Monte Carlo and quasi-Monte Carlo integration for likelihood functions

TL;DR

This paper compares Monte Carlo and quasi-Monte Carlo methods for likelihood function integration, analyzing their errors and scaling behavior with data points and dimension, revealing conditions where QMC outperforms MC.

Contribution

It provides a detailed comparison of MC and QMC integration errors, including new bounds on high-dimensional star discrepancy for Halton sequences.

Findings

QMC outperforms MC when certain logarithmic and data-dependent factors are small.

Both methods exhibit poor scaling in very high dimensions.

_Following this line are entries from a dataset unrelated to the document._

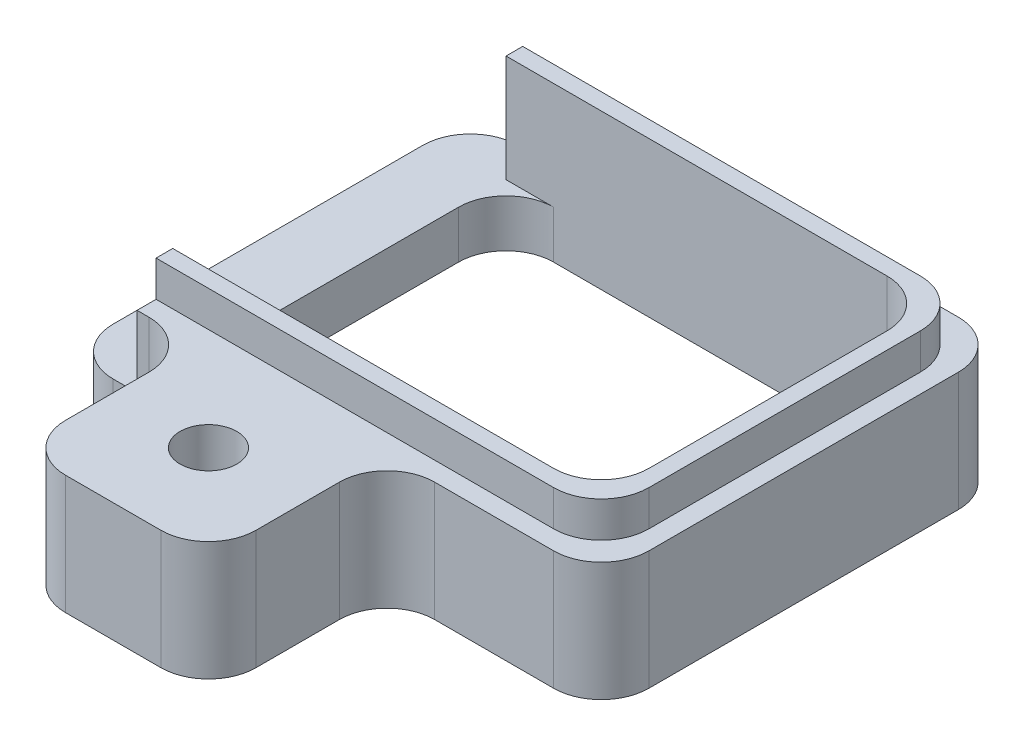
SolidWorks part; units mm, degrees
ref_plane "Front Plane" through (0, 0, 0) normal (0, 0, 1) x (1, 0, 0)
ref_plane "Top Plane" through (0, 0, 0) normal (0, 1, 0) x (1, 0, 0)
ref_plane "Right Plane" through (0, 0, 0) normal (1, 0, 0) x (0, 0, -1)
sketch "Sketch5" plane through (0, 0, 0) normal (0, 1, 0) x (1, 0, 0)
  line L1 (-5.625, -4.25) -> (5.625, -4.25)
  line L2 (-5.625, -4.25) -> (-5.625, 4.25)
  line L3 (-5.625, 4.25) -> (5.625, 4.25)
  line L4 (5.625, -4.25) -> (5.625, 4.25)
  line L5 (-5.625, -4.25) -> (5.625, 4.25) construction
  line L6 (-5.625, 4.25) -> (5.625, -4.25) construction
  point P0 (0, 0)
  dimension "D1" = 8.5
  dimension "D2" = 11.25
extrude "Extrude4" add sketch "Sketch5" along normal blind 2.5
sketch "Sketch19" plane through (0, 2.5, 0) normal (0, 1, 0) x (-1, 0, 0)
  line L0 (5.625, 4.25) -> (-5.625, 4.25) construction
  line L1 (5.625, -4.25) -> (4.125, -4.25)
  line L2 (5.625, -4.25) -> (5.625, 4.25)
  line L3 (5.625, 4.25) -> (4.125, 4.25)
  line L4 (4.125, -4.25) -> (4.125, 4.25)
  dimension "D1" = 1.5
extrude "Extrude12" cut sketch "Sketch19" against normal blind 1.5
sketch "Sketch21" plane through (0, 2.5, 0) normal (0, 1, 0) x (-1, 0, 0)
  line L0 (4.125, 4.25) -> (4.125, -4.25) construction
  line L1 (-4.875, -3.5) -> (4.125, -3.5)
  line L2 (-4.875, -3.5) -> (-4.875, 3.5)
  line L3 (-4.875, 3.5) -> (4.125, 3.5)
  line L4 (4.125, -3.5) -> (4.125, 3.5)
  line L5 (-5.625, -4.25) -> (4.125, -4.25) construction
  line L6 (-5.625, 4.25) -> (-5.625, -4.25) construction
  line L7 (4.125, 4.25) -> (-5.625, 4.25) construction
  dimension "D1" = 0.75
  dimension "D2" = 0.75
  dimension "D3" = 0.75
extrude "Extrude13" cut sketch "Sketch21" against normal through all
sketch "Sketch22" plane through (0, 0, 4.25) normal (0, 0, 1) x (1, 0, 0)
  line L0 (-4.125, 2.5) -> (5.625, 2.5) construction
  line L1 (-2.875, 2.5) -> (1.125, 2.5)
  line L2 (-2.875, 2.5) -> (-2.875, 0)
  line L3 (-2.875, 0) -> (1.125, 0)
  line L4 (1.125, 2.5) -> (1.125, 0)
  line L5 (5.625, 2.5) -> (5.625, 0) construction
  line L6 (-5.625, 0) -> (5.625, 0) construction
  point P8 (0, 0)
  dimension "D1" = 4
  dimension "D2" = 4.5
  dimension "D3" = 0
extrude "Extrude14" add sketch "Sketch22" along normal blind 3.75
sketch "Sketch24" plane through (0, 2.5, 0) normal (0, 1, 0) x (1, 0, 0)
  line L0 (-4.125, 3.85) -> (-4.125, 3.5)
  line L1 (-4.125, 3.5) -> (4.875, 3.5)
  line L2 (4.875, 3.5) -> (4.875, -3.5)
  line L3 (4.875, -3.5) -> (-4.125, -3.5)
  line L4 (-4.125, -3.5) -> (-4.125, -3.85)
  line L9 (-4.125, -3.85) -> (5.225, -3.85)
  line L10 (5.225, -3.85) -> (5.225, 3.85)
  line L11 (5.225, 3.85) -> (-4.125, 3.85)
  line L12 (-4.125, -3.85) -> (5.225, -3.85)
  line L13 (5.225, -3.85) -> (5.225, 3.85)
  line L14 (5.225, 3.85) -> (-4.125, 3.85)
  dimension "D1" = 0.35
extrude "Extrude15" add sketch "Sketch24" along normal blind 0.75
hole_wizard "#0-80 Tapped Hole1" positions "3DSketch1" profile "Sketch26" tap size "#0-80" standard "Ansi Inch"
sketch3d "3DSketch1"
  line L2 (1.125, 2.5, 8) -> (-2.875, 2.5, 8) construction
  line L3 (1.125, 2.5, 8) -> (1.125, 2.5, 4.25) construction
  point P0 (-0.875, 2.5, 6)
  dimension "D1" = 2
  dimension "D2" = 2
sketch "Sketch26" plane through (-0.875, 2.5, 6) normal (1, 0, 0) x (0, 0, 1)
  line L0 (0, 0) -> (0, 79.3679)
  line L1 (0, 79.3679) -> (0.5956, 79.01)
  line L2 (0.5956, 79.01) -> (0.5956, 0)
  line L5 (0.5956, 0) -> (0, 0)
  line L10 (0, 79.3679) -> (-0.5956, 79.01) construction
  line L11 (0, -6.35) -> (0, 107.95) construction
  dimension "Tap Drill Dia." = 1.1913
  dimension "Tap Drill Depth" = 79.01
  dimension "Drill Angle" = 118
fillet "Fillet4" radius 1 14 edges at (5.625, 1.25, -4.25) (5.225, 2.875, -3.85) (5.625, 1.25, 4.25) (5.225, 2.875, 3.85) (4.875, 1.625, 3.5) (4.875, 1.625, -3.5) (-4.125, 0.5, 3.5) (-4.125, 0.5, -3.5) (-5.625, 0.5, -4.25) (-5.625, 0.5, 4.25) (-2.875, 1.25, 8) (1.125, 1.25, 8)

QMC's advantage depends on the relationship between m, n, and p.

Abstract

We compare the integration error of Monte Carlo (MC) and quasi-Monte Carlo (QMC) methods for approximating the normalizing constant of posterior distributions and certain marginal likelihoods. In doing so, we characterize the dependency of the relative and absolute integration errors on the number of data points ($n$), the number of grid points ($m$) and the dimension of the integral ($p$). We find that if the dimension of the integral remains fixed as $n$ and $m$ tend to infinity, the scaling rate of the relative error of MC integration includes an additional $n^{1/2}\log(n)^{p/2}$ data-dependent factor, while for QMC this factor is $\log(n)^{p/2}$. In this scenario, QMC will outperform MC if $\log(m)^{p - 1/2}/\sqrt{mn\log(n)} < 1$, which differs from the usual result that QMC will outperform MC if $\log(m)^p/m^{1/2} < 1$.The accuracies of MC and QMC methods are also examined in the high-dimensional setting as $p \rightarrow \infty$, where MC gives more optimistic results as the scaling in dimension is slower than that of QMC when the Halton sequence is used to construct the low discrepancy grid; however both methods display poor dimensional scaling as expected. An additional contribution of this work is a bound on the high-dimensional scaling of the star discrepancy for the Halton sequence.